VELENOSI, ANIMALI

Enciclopedia Italiana - I Appendice (1938)

VELENOSI, ANIMALI

Silvio RANZI
Luciana ARA

. Gli animali velenosi sono capaci di elaborare sostanze tossiche (v. veleni, XXXV, p. 22). Questi veleni possono essere prodotti in svariate parti dell'organismo, come: sangue, muscolatura, fegato o ghiandole specializzate per questa funzione (ghiandole velenose). Vi sono animali nei quali i veleni restano nel corpo senza venir versati all'esterno, e animali che versano all'esterno il loro veleno, che così acquista una netta funzione nei rapporti tra animale velenoso e ambiente biologico nel quale esso vive (nemici, preda). I veleni formati in corpo a un organismo dànno abitualmente a tutto il metabolismo di questo un aspetto particolare, così a volte i veleni tendono ad accumularsi in organi diversi da quelli nei quali vengono prodotti. Tale è il caso delle gonadi, onde le uova di molti animali velenosi (per es., Artropodi) riescono tossiche.

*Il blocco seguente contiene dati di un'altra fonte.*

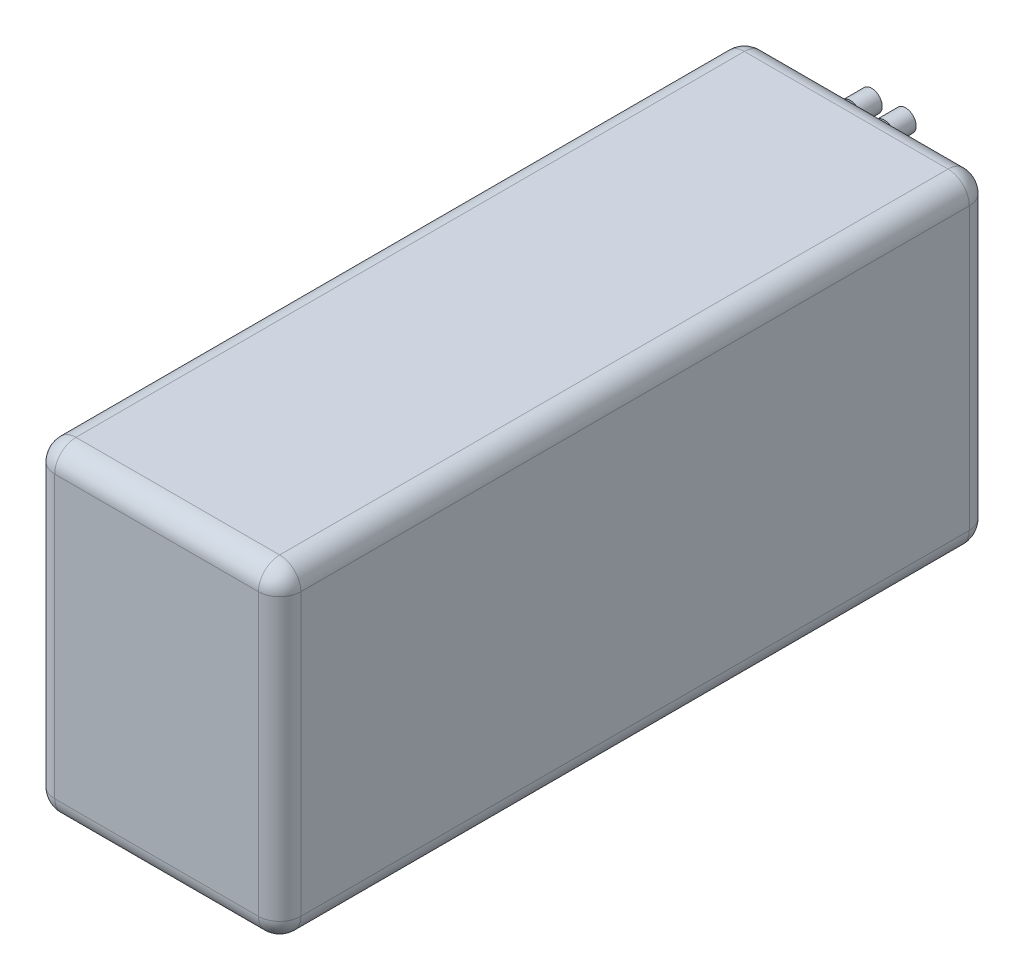
ISO-10303-21;
HEADER;
FILE_DESCRIPTION(('STEP AP214'),'2;1');
FILE_NAME('part.step','',(''),(''),'','','');
FILE_SCHEMA(('AUTOMOTIVE_DESIGN { 1 0 10303 214 1 1 1 1 }'));
ENDSEC;
DATA;
#1=APPLICATION_CONTEXT('core data for automotive mechanical design processes');
#2=APPLICATION_PROTOCOL_DEFINITION('international standard','automotive_design',2000,#1);
#3=PRODUCT_CONTEXT('',#1,'mechanical');
#4=PRODUCT('Part','Part','',(#3));
#5=PRODUCT_RELATED_PRODUCT_CATEGORY('part','',(#4));
#6=PRODUCT_DEFINITION_FORMATION('','',#4);
#7=PRODUCT_DEFINITION_CONTEXT('part definition',#1,'design');
#8=PRODUCT_DEFINITION('design','',#6,#7);
#9=PRODUCT_DEFINITION_SHAPE('','',#8);
#10=(LENGTH_UNIT() NAMED_UNIT(*) SI_UNIT(.MILLI.,.METRE.));
#11=(NAMED_UNIT(*) PLANE_ANGLE_UNIT() SI_UNIT($,.RADIAN.));
#12=(NAMED_UNIT(*) SI_UNIT($,.STERADIAN.) SOLID_ANGLE_UNIT());
#13=UNCERTAINTY_MEASURE_WITH_UNIT(LENGTH_MEASURE(1.E-05),#10,'distance_accuracy_value','');
#14=(GEOMETRIC_REPRESENTATION_CONTEXT(3) GLOBAL_UNCERTAINTY_ASSIGNED_CONTEXT((#13)) GLOBAL_UNIT_ASSIGNED_CONTEXT((#10,
#11,#12)) REPRESENTATION_CONTEXT('',''));
#15=CARTESIAN_POINT('',(0.,0.,0.));
#16=DIRECTION('',(0.,0.,1.));
#17=DIRECTION('',(1.,0.,0.));
#18=AXIS2_PLACEMENT_3D('',#15,#16,#17);
#19=CARTESIAN_POINT('',(-11.6,30.5,-33.5));
#20=DIRECTION('',(0.,0.,1.));
#21=DIRECTION('',(1.,0.,0.));
#22=AXIS2_PLACEMENT_3D('',#19,#20,#21);
#23=PLANE('',#22);
#24=CARTESIAN_POINT('',(-0.600000000000003,4.69826840522755,-33.5));
#25=DIRECTION('',(0.,0.,1.));
#26=DIRECTION('',(1.,0.,0.));
#27=AXIS2_PLACEMENT_3D('',#24,#25,#26);
#28=CIRCLE('',#27,0.5);
#29=CARTESIAN_POINT('',(-0.100000000000003,4.69826840522755,-33.5));
#30=VERTEX_POINT('',#29);
#31=EDGE_CURVE('E44',#30,#30,#28,.F.);
#32=ORIENTED_EDGE('',*,*,#31,.F.);
#33=EDGE_LOOP('',(#32));
#34=FACE_BOUND('',#33,.T.);
#35=CARTESIAN_POINT('',(0.599999999999996,4.69826840522755,-33.5));
#36=DIRECTION('',(0.,0.,1.));
#37=DIRECTION('',(1.,0.,0.));
#38=AXIS2_PLACEMENT_3D('',#35,#36,#37);
#39=CIRCLE('',#38,0.500000000000001);
#40=CARTESIAN_POINT('',(1.1,4.69826840522755,-33.5));
#41=VERTEX_POINT('',#40);
#42=EDGE_CURVE('E221',#41,#41,#39,.F.);
#43=ORIENTED_EDGE('',*,*,#42,.F.);
#44=EDGE_LOOP('',(#43));
#45=FACE_BOUND('',#44,.T.);
#46=CARTESIAN_POINT('',(-1.6,28.5,-33.5));
#47=DIRECTION('',(0.,0.,-1.));
#48=DIRECTION('',(-1.,0.,0.));
#49=AXIS2_PLACEMENT_3D('',#46,#47,#48);
#50=CIRCLE('',#49,1.);
#51=CARTESIAN_POINT('',(-0.600000000000002,28.5,-33.5));
#52=VERTEX_POINT('',#51);
#53=CARTESIAN_POINT('',(-2.6,28.5,-33.5));
#54=VERTEX_POINT('',#53);
#55=EDGE_CURVE('E144',#52,#54,#50,.T.);
#56=ORIENTED_EDGE('',*,*,#55,.F.);
#57=DIRECTION('',(-1.,0.,0.));
#58=VECTOR('',#57,1.);
#59=CARTESIAN_POINT('',(11.6,28.5,-33.5));
#60=LINE('',#59,#58);
#61=CARTESIAN_POINT('',(0.599999999999995,28.5,-33.5));
#62=VERTEX_POINT('',#61);
#63=EDGE_CURVE('E58',#52,#62,#60,.F.);
#64=ORIENTED_EDGE('',*,*,#63,.T.);
#65=CARTESIAN_POINT('',(1.6,28.5,-33.5));
#66=DIRECTION('',(0.,0.,-1.));
#67=DIRECTION('',(-1.,0.,0.));
#68=AXIS2_PLACEMENT_3D('',#65,#66,#67);
#69=CIRCLE('',#68,1.);
#70=CARTESIAN_POINT('',(2.6,28.5,-33.5));
#71=VERTEX_POINT('',#70);
#72=EDGE_CURVE('E158',#71,#62,#69,.T.);
#73=ORIENTED_EDGE('',*,*,#72,.F.);
#74=CARTESIAN_POINT('',(9.59999999999999,28.5,-33.5));
#75=VERTEX_POINT('',#74);
#76=EDGE_CURVE('E154',#71,#75,#60,.F.);
#77=ORIENTED_EDGE('',*,*,#76,.T.);
#78=DIRECTION('',(0.,-1.,0.));
#79=VECTOR('',#78,1.);
#80=CARTESIAN_POINT('',(9.59999999999999,30.5,-33.5));
#81=LINE('',#80,#79);
#82=CARTESIAN_POINT('',(9.59999999999999,2.,-33.5));
#83=VERTEX_POINT('',#82);
#84=EDGE_CURVE('E179',#75,#83,#81,.T.);
#85=ORIENTED_EDGE('',*,*,#84,.T.);
#86=DIRECTION('',(-1.,0.,0.));
#87=VECTOR('',#86,1.);
#88=CARTESIAN_POINT('',(-11.6,2.,-33.5));
#89=LINE('',#88,#87);
#90=CARTESIAN_POINT('',(-9.6,2.,-33.5));
#91=VERTEX_POINT('',#90);
#92=EDGE_CURVE('E181',#83,#91,#89,.T.);
#93=ORIENTED_EDGE('',*,*,#92,.T.);
#94=DIRECTION('',(0.,-1.,0.));
#95=VECTOR('',#94,1.);
#96=CARTESIAN_POINT('',(-9.6,30.5,-33.5));
#97=LINE('',#96,#95);
#98=CARTESIAN_POINT('',(-9.6,28.5,-33.5));
#99=VERTEX_POINT('',#98);
#100=EDGE_CURVE('E183',#91,#99,#97,.F.);
#101=ORIENTED_EDGE('',*,*,#100,.T.);
#102=EDGE_CURVE('E142',#99,#54,#60,.F.);
#103=ORIENTED_EDGE('',*,*,#102,.T.);
#104=EDGE_LOOP('',(#56,#64,#73,#77,#85,#93,#101,#103));
#105=FACE_BOUND('',#104,.T.);
#106=CARTESIAN_POINT('',(2.1,4.69826840522755,-33.5));
#107=DIRECTION('',(0.,0.,1.));
#108=DIRECTION('',(1.,0.,0.));
#109=AXIS2_PLACEMENT_3D('',#106,#107,#108);
#110=CIRCLE('',#109,0.499999999999999);
#111=CARTESIAN_POINT('',(2.6,4.69826840522755,-33.5));
#112=VERTEX_POINT('',#111);
#113=EDGE_CURVE('E288',#112,#112,#110,.F.);
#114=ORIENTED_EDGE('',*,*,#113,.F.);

Come ogni altra funzione biologica, l'elaborazione del veleno si presenta con intensità diversa nei diversi momenti dell'anno; onde il fatto ben noto che molti animali velenosi in determinate stagioni, lo sono meno in altre.

Si possono distinguere due gruppi principali di animali velenosi: animali velenosi periodicamente o durante tutta la loro vita, e animali che possono diventarlo accidentalmente in speciali condizioni biologiche o dopo la morte. Al primo gruppo appartengono sia animali nei quali le capacità velenose si possono associare a strutture organiche bene stabilite, sia animali che presentano generali proprietà tossiche non riferibili a nessuna precisa particolarità strutturale.

Possiamo con E. Pawlowsky distinguere tre sorta di animali con veleno in rapporto a particolari strutture: gli animali urticanti, gli animali con ghiandole velenose e gli animali che avendo un sangue velenoso sono in grado di spruzzarlo.

Gli animali urticanti sono i Protozoi ciliati e i Celenterati. Sotto la cuticola e nello spessore di essa i Ciliati posseggono bastoncini rifrangenti (tricocisti) che possono venir lanciati contro la preda o i nemici. I tricocisti proiettati con forza fuori del corpo dell'animale si estendono raggiungendo dimensioni pari a 10 volte quelle che hanno prima di essere lanciati. Poco sappiamo circa la natura del veleno, salvo il fatto che i tricocisti sembrano dotati del potere di paralizzare la preda.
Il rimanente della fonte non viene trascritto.